Some pointers may be invalid and cause the dump to abort.
Query (0x7f6c0ca886d0): is an invalid pointer
Connection ID (thread ID): 78627
Status: NOT_KILLED

The manual page at http://dev.mysql.com/doc/mysql/en/crashing.html contains
information that should help you find out what is causing the crash.
Fatal signal 11 while backtracing

The stacktrace is for a different version of the server, not 5.5.27 (and it is not an official Oracle binary but a Gentoo build), but the bug I'm reporting here is about what happens AFTERWARD, when the server tries to recover from the crash and doesn't have any free space in the tablespace to do so. I am afraid that I may be confusing this bug report by discussing what caused the condition InnoDB couldn't recover from, but it seems that you're interested in that information as well.
[4 Sep 2012 17:47] MySQL Verification Team
I am setting this bug to "Verified". But, what is verified is not that InnoDB asserts in case when system tablespace is full and is not auto-extendable (or disk is out of space). Asserting of insufficient space for system tablespace is expected behavior.

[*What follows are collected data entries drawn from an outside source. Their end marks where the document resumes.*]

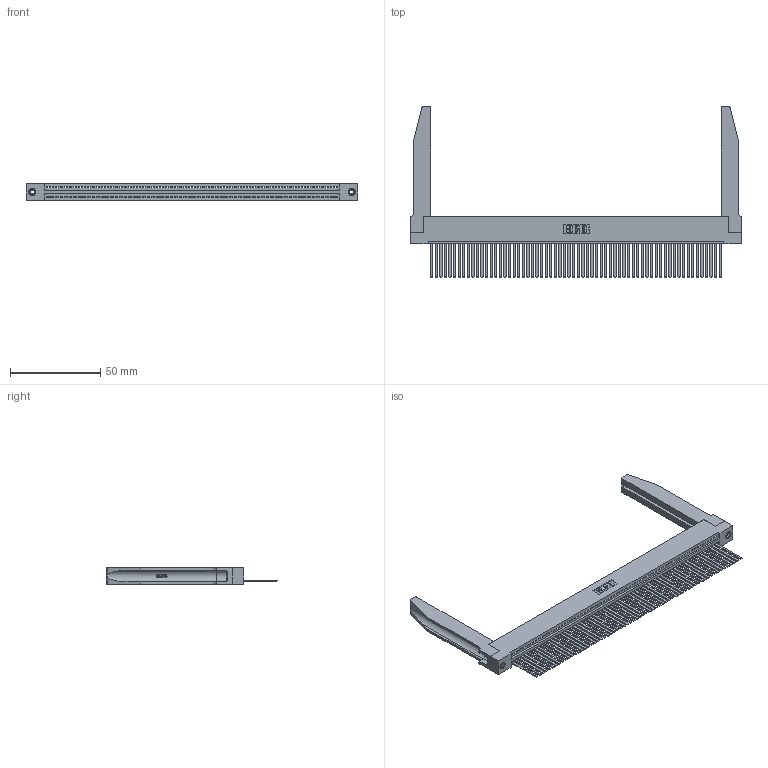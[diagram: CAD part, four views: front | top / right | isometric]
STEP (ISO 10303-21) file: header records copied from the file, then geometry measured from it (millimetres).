
FILE_DESCRIPTION (( 'STEP AP203' ), '1' );
FILE_NAME ('395-064-544-178.STEP', '2019-10-25T03:17:32', ( '' ), ( '' ), 'SwSTEP 2.0', 'SolidWorks 2016', '' );
FILE_SCHEMA (( 'CONFIG_CONTROL_DESIGN' ));
Length unit declared in the file: inch
Products named in the file (5): 345-292-001_345-293-144; 345-220-078_345-220-078; 345 Part_Flush Mounting Lugs - 0.156 Dia-TH; 395-064-544-178; 345-250-001_345-250-001-102
Assembly tree (69 placements, depth 2):
  395-064-544-178
    345 Part_Flush Mounting Lugs - 0.156 Dia-TH
    345-292-001_345-293-144  x64
    345-250-001_345-250-001-102  x2
    345-220-078_345-220-078  x2
Bounding box: 183.79 x 94.92 x 9.4 mm (x, y, z)
Volume: 26148.9 mm3; surface area: 33793 mm2
Topology: 69 solids, 69 shells, 3688 faces, 11061 edges, 7278 vertices
Faces by surface type: plane 2526, cylinder 1110, bspline 36, cone 12, torus 4
Entity records: 49762 total; most frequent: CARTESIAN_POINT 9515, ORIENTED_EDGE 8410, DIRECTION 7283, EDGE_CURVE 4205, LINE 3727, VECTOR 3727, VERTEX_POINT 2796, AXIS2_PLACEMENT_3D 1778
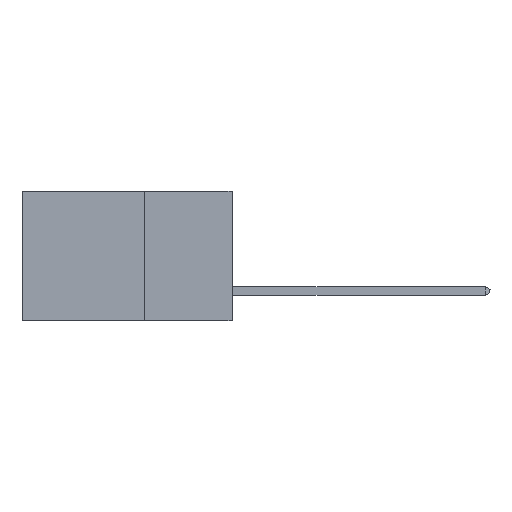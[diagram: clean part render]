
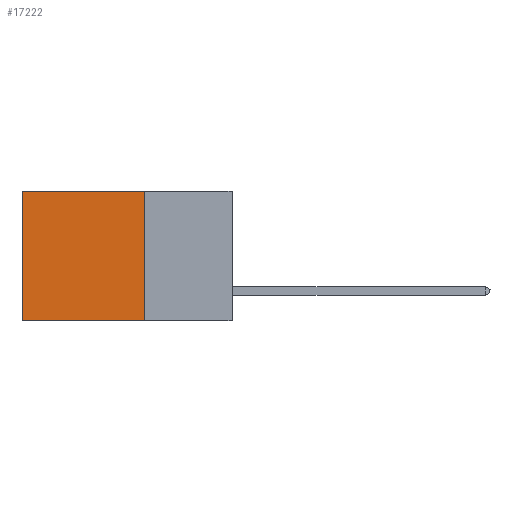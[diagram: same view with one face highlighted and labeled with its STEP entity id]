
A CAD part, left-side view. The second image highlights one B-rep face of the part: STEP entity #17222.
In plain terms, the highlighted planar face has unit normal (-1, 0, 0).
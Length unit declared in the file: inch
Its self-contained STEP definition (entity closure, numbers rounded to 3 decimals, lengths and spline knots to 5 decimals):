
#2 = DIRECTION ( 'NONE',  ( 0., 0., -1. ) ) ;
#1209 = DIRECTION ( 'NONE',  ( 0., 0., -1. ) ) ;
#1859 = DIRECTION ( 'NONE',  ( 0., 1., 0. ) ) ;
#2186 = DIRECTION ( 'NONE',  ( 0., 1., 0. ) ) ;
#2461 = VECTOR ( 'NONE', #2186, 39.37008 ) ;
#2952 = CARTESIAN_POINT ( 'NONE',  ( 0.2875, 0.6, 0. ) ) ;
#3164 = DIRECTION ( 'NONE',  ( 1., 0., 0. ) ) ;
#3870 = FACE_OUTER_BOUND ( 'NONE', #7223, .T. ) ;
#4307 = VERTEX_POINT ( 'NONE', #5623 ) ;
#4418 = ORIENTED_EDGE ( 'NONE', *, *, #9852, .F. ) ;
#4450 = VECTOR ( 'NONE', #16937, 39.37008 ) ;
#4867 = ORIENTED_EDGE ( 'NONE', *, *, #17036, .T. ) ;
#4868 = VERTEX_POINT ( 'NONE', #7026 ) ;
#4889 = VERTEX_POINT ( 'NONE', #2952 ) ;
#5215 = CARTESIAN_POINT ( 'NONE',  ( 0.2875, 0.25, -0.37 ) ) ;
#5468 = LINE ( 'NONE', #18375, #2461 ) ;
#5623 = CARTESIAN_POINT ( 'NONE',  ( 0.2875, 0.25, 0. ) ) ;
#6365 = EDGE_CURVE ( 'NONE', #12563, #4868, #18712, .T. ) ;
#7026 = CARTESIAN_POINT ( 'NONE',  ( 0.2875, 0.6, -0.37 ) ) ;
#7223 = EDGE_LOOP ( 'NONE', ( #10841, #11444, #4418, #4867 ) ) ;
#8816 = CARTESIAN_POINT ( 'NONE',  ( 0.2875, 0.6, 0. ) ) ;
#9852 = EDGE_CURVE ( 'NONE', #4307, #12563, #18584, .T. ) ;
#9970 = AXIS2_PLACEMENT_3D ( 'NONE', #12039, #3164, #2 ) ;
#10405 = VECTOR ( 'NONE', #1859, 39.37008 ) ;
#10841 = ORIENTED_EDGE ( 'NONE', *, *, #11139, .T. ) ;
#11139 = EDGE_CURVE ( 'NONE', #4889, #4868, #15101, .T. ) ;
#11444 = ORIENTED_EDGE ( 'NONE', *, *, #6365, .F. ) ;
#12039 = CARTESIAN_POINT ( 'NONE',  ( 0.2875, 0.25, 0. ) ) ;
#12563 = VERTEX_POINT ( 'NONE', #5215 ) ;
#14181 = VECTOR ( 'NONE', #1209, 39.37008 ) ;
#14856 = PLANE ( 'NONE',  #9970 ) ;
#15101 = LINE ( 'NONE', #8816, #14181 ) ;
#15132 = CARTESIAN_POINT ( 'NONE',  ( 0.2875, 0.25, -0.37 ) ) ;
#15138 = CARTESIAN_POINT ( 'NONE',  ( 0.2875, 0.25, 0. ) ) ;
#16937 = DIRECTION ( 'NONE',  ( 0., 0., -1. ) ) ;
#17036 = EDGE_CURVE ( 'NONE', #4307, #4889, #5468, .T. ) ;
#17222 = ADVANCED_FACE ( 'NONE', ( #3870 ), #14856, .F. ) ;
#18375 = CARTESIAN_POINT ( 'NONE',  ( 0.2875, 0.25, 0. ) ) ;
#18584 = LINE ( 'NONE', #15138, #4450 ) ;
#18712 = LINE ( 'NONE', #15132, #10405 ) ;

I am verifying a bug of not handling the error message from que_eval_sql() function, as described in the bug #44781.

So, this bug can be fixed either by fixing bug #44781 or by adding another case in the switch described above.
[18 Sep 2012 7:25] Pradeep Agrawal
Hi Baron Schwartz,

Please check disk space and swap space of your linux machine.